Danielle Boaz’s Banning Black Gods: Law and Religions of the African Diaspora is an impressively expansive account of racialized discrimination against African diaspora religions, focusing on how this manifests in the legal systems of multiple countries. “Religious racism,” the term that Boaz uses for this discrimination, was coined in Brazil, one of the countries that makes repeated appearances throughout the book (2). The author defines religious racism as “the intersection of religious intolerance and racism” (2). She argues that religious racism is enacted in ways that resemble racial discrimination more broadly, and that “prejudice against these faiths is typically motivated by anti-Black racism” (3). Boaz organizes the book into sections that cover specific religions, and chapters within those sections address specific legal issues faced by practitioners of those religions. For readers new to these religions, she provides sufficient background information while still addressing complex legal issues related to the practice of African diaspora religions, from laws about animal sacrifice to child custody cases and much in between.

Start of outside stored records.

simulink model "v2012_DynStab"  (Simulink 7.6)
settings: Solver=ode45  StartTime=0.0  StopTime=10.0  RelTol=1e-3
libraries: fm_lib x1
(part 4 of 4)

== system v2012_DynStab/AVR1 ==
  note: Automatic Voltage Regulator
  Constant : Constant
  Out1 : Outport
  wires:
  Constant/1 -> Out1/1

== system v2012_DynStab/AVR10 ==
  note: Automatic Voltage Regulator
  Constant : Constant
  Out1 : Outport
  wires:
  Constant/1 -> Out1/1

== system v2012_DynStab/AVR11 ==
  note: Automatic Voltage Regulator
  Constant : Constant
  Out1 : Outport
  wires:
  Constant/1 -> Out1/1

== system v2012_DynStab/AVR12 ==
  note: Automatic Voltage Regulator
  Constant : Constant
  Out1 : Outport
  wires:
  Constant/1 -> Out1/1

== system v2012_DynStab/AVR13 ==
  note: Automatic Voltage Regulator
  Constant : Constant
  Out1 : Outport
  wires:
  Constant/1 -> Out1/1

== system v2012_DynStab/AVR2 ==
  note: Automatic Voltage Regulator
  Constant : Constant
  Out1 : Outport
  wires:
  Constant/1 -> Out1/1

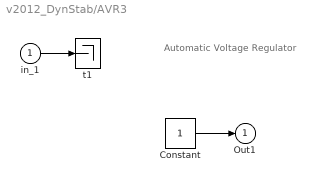
== system v2012_DynStab/AVR3 ==
  note: Automatic Voltage Regulator
  in_1 : Inport
  Constant : Constant
  t1 : Terminator
  Out1 : Outport
  wires:
  Constant/1 -> Out1/1
  in_1/1 -> t1/1

== system v2012_DynStab/AVR4 ==
  note: Automatic Voltage Regulator
  Constant : Constant
  Out1 : Outport
  wires:
  Constant/1 -> Out1/1

== system v2012_DynStab/AVR5 ==
  note: Automatic Voltage Regulator
  Constant : Constant
  Out1 : Outport
  wires:
  Constant/1 -> Out1/1

== system v2012_DynStab/AVR6 ==
  note: Automatic Voltage Regulator
  Constant : Constant
  Out1 : Outport
  wires:
  Constant/1 -> Out1/1

== system v2012_DynStab/AVR7 ==
  note: Automatic Voltage Regulator
  Constant : Constant
  Out1 : Outport
  wires:
  Constant/1 -> Out1/1

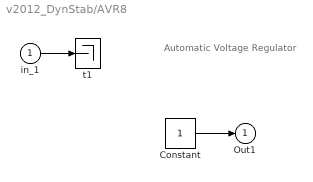
== system v2012_DynStab/AVR8 ==
  note: Automatic Voltage Regulator
  in_1 : Inport
  Constant : Constant
  t1 : Terminator
  Out1 : Outport
  wires:
  Constant/1 -> Out1/1
  in_1/1 -> t1/1

== system v2012_DynStab/Pss ==
  note: Power System Stabilizer
  Constant : Constant
  Out1 : Outport
  wires:
  Constant/1 -> Out1/1

== system v2012_DynStab/Pss1 ==
  note: Power System Stabilizer
  Constant : Constant
  Out1 : Outport
  wires:
  Constant/1 -> Out1/1

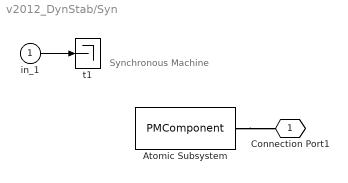
== system v2012_DynStab/Syn ==
  note: Synchronous Machine
  in_1 : Inport
  Atomic Subsystem : PMComponent  PhysicalDomain=psatdomain  LeftPortType=p1  RightPortType=p1  RConnTagsString=__newr0
  t1 : Terminator
  Connection Port1 : PMIOPort  Tag=PMCPort  Port=1  Side=Right
  wires:
  in_1/1 -> t1/1
  connections:
  Atomic Subsystem/RConn1 -- Connection Port1/RConn1

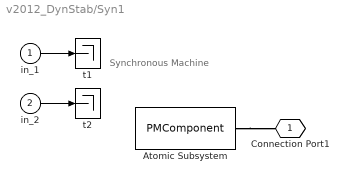
== system v2012_DynStab/Syn1 ==
  note: Synchronous Machine
  in_1 : Inport
  in_2 : Inport  Port=2
  Atomic Subsystem : PMComponent  PhysicalDomain=psatdomain  LeftPortType=p1  RightPortType=p1  RConnTagsString=__newr0
  t1 : Terminator
  t2 : Terminator
  Connection Port1 : PMIOPort  Tag=PMCPort  Port=1  Side=Right
  wires:
  in_1/1 -> t1/1
  in_2/1 -> t2/1
  connections:
  Atomic Subsystem/RConn1 -- Connection Port1/RConn1

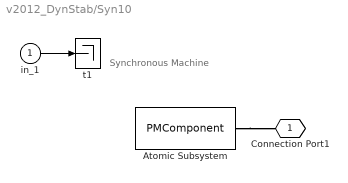
== system v2012_DynStab/Syn10 ==
  note: Synchronous Machine
  in_1 : Inport
  Atomic Subsystem : PMComponent  PhysicalDomain=psatdomain  LeftPortType=p1  RightPortType=p1  RConnTagsString=__newr0
  t1 : Terminator
  Connection Port1 : PMIOPort  Tag=PMCPort  Port=1  Side=Right
  wires:
  in_1/1 -> t1/1
  connections:
  Atomic Subsystem/RConn1 -- Connection Port1/RConn1

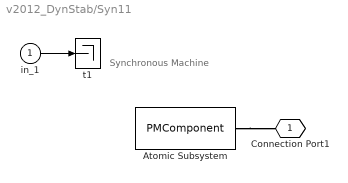
== system v2012_DynStab/Syn11 ==
  note: Synchronous Machine
  in_1 : Inport
  Atomic Subsystem : PMComponent  PhysicalDomain=psatdomain  LeftPortType=p1  RightPortType=p1  RConnTagsString=__newr0
  t1 : Terminator
  Connection Port1 : PMIOPort  Tag=PMCPort  Port=1  Side=Right
  wires:
  in_1/1 -> t1/1
  connections:
  Atomic Subsystem/RConn1 -- Connection Port1/RConn1

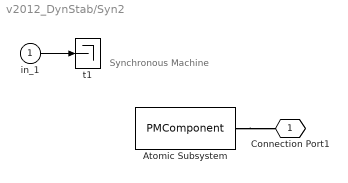
== system v2012_DynStab/Syn2 ==
  note: Synchronous Machine
  in_1 : Inport
  Atomic Subsystem : PMComponent  PhysicalDomain=psatdomain  LeftPortType=p1  RightPortType=p1  RConnTagsString=__newr0
  t1 : Terminator
  Connection Port1 : PMIOPort  Tag=PMCPort  Port=1  Side=Right
  wires:
  in_1/1 -> t1/1
  connections:
  Atomic Subsystem/RConn1 -- Connection Port1/RConn1

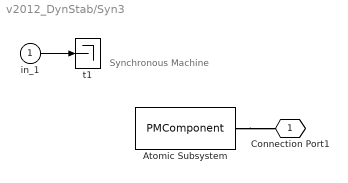
== system v2012_DynStab/Syn3 ==
  note: Synchronous Machine
  in_1 : Inport
  Atomic Subsystem : PMComponent  PhysicalDomain=psatdomain  LeftPortType=p1  RightPortType=p1  RConnTagsString=__newr0
  t1 : Terminator
  Connection Port1 : PMIOPort  Tag=PMCPort  Port=1  Side=Right
  wires:
  in_1/1 -> t1/1
  connections:
  Atomic Subsystem/RConn1 -- Connection Port1/RConn1

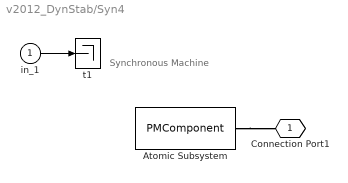
== system v2012_DynStab/Syn4 ==
  note: Synchronous Machine
  in_1 : Inport
  Atomic Subsystem : PMComponent  PhysicalDomain=psatdomain  LeftPortType=p1  RightPortType=p1  RConnTagsString=__newr0
  t1 : Terminator
  Connection Port1 : PMIOPort  Tag=PMCPort  Port=1  Side=Right
  wires:
  in_1/1 -> t1/1
  connections:
  Atomic Subsystem/RConn1 -- Connection Port1/RConn1

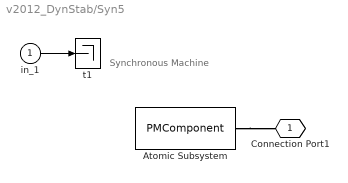
== system v2012_DynStab/Syn5 ==
  note: Synchronous Machine
  in_1 : Inport
  Atomic Subsystem : PMComponent  PhysicalDomain=psatdomain  LeftPortType=p1  RightPortType=p1  RConnTagsString=__newr0
  t1 : Terminator
  Connection Port1 : PMIOPort  Tag=PMCPort  Port=1  Side=Right
  wires:
  in_1/1 -> t1/1
  connections:
  Atomic Subsystem/RConn1 -- Connection Port1/RConn1

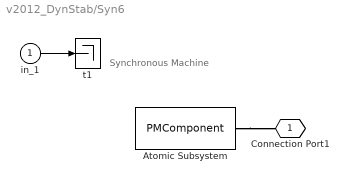
== system v2012_DynStab/Syn6 ==
  note: Synchronous Machine
  in_1 : Inport
  Atomic Subsystem : PMComponent  PhysicalDomain=psatdomain  LeftPortType=p1  RightPortType=p1  RConnTagsString=__newr0
  t1 : Terminator
  Connection Port1 : PMIOPort  Tag=PMCPort  Port=1  Side=Right
  wires:
  in_1/1 -> t1/1
  connections:
  Atomic Subsystem/RConn1 -- Connection Port1/RConn1

== system v2012_DynStab/Syn7 ==
  note: Synchronous Machine
  in_1 : Inport
  Atomic Subsystem : PMComponent  PhysicalDomain=psatdomain  LeftPortType=p1  RightPortType=p1  RConnTagsString=__newr0
  t1 : Terminator
  Connection Port1 : PMIOPort  Tag=PMCPort  Port=1  Side=Right
  wires:
  in_1/1 -> t1/1
  connections:
  Atomic Subsystem/RConn1 -- Connection Port1/RConn1

== system v2012_DynStab/Syn8 ==
  note: Synchronous Machine
  in_1 : Inport
  Atomic Subsystem : PMComponent  PhysicalDomain=psatdomain  LeftPortType=p1  RightPortType=p1  RConnTagsString=__newr0
  t1 : Terminator
  Connection Port1 : PMIOPort  Tag=PMCPort  Port=1  Side=Right
  wires:
  in_1/1 -> t1/1
  connections:
  Atomic Subsystem/RConn1 -- Connection Port1/RConn1

== system v2012_DynStab/Syn9 ==
  note: Synchronous Machine
  in_1 : Inport
  Atomic Subsystem : PMComponent  PhysicalDomain=psatdomain  LeftPortType=p1  RightPortType=p1  RConnTagsString=__newr0
  t1 : Terminator
  Connection Port1 : PMIOPort  Tag=PMCPort  Port=1  Side=Right
  wires:
  in_1/1 -> t1/1
  connections:
  Atomic Subsystem/RConn1 -- Connection Port1/RConn1

== system v2012_DynStab/Tg2 ==
  note: Turbine Governor
  Constant : Constant
  Out1 : Outport
  wires:
  Constant/1 -> Out1/1

Banning Black Gods covers the enactment of religious racism in the legal systems of the United States, Canada, Brazil, the United Kingdom, South Africa, multiple countries in the Caribbean, and many other nations. The sheer breadth of the legal systems and issues engaged in this volume occasionally make the book difficult to follow, especially given the significant differences between the legal systems of various countries. However, the book’s wide-ranging nature is also its great strength. Its expansiveness allows Boaz to explore the transnational contours of religious racism in ways that a more confined study would not. One illustration of this is chapter 5, “Headscarves, Dreadlocks and Other ‘Disruptions’: African Diaspora Religions and the Right to Education,” which connects French controversies about headscarves in public schools with cases of Rastafarian students in multiple countries being prohibited from wearing their hair in dreadlocks. Boaz argues that these two forms of religious discrimination reflect the confluence of European gender norms with prejudices about African diaspora religions.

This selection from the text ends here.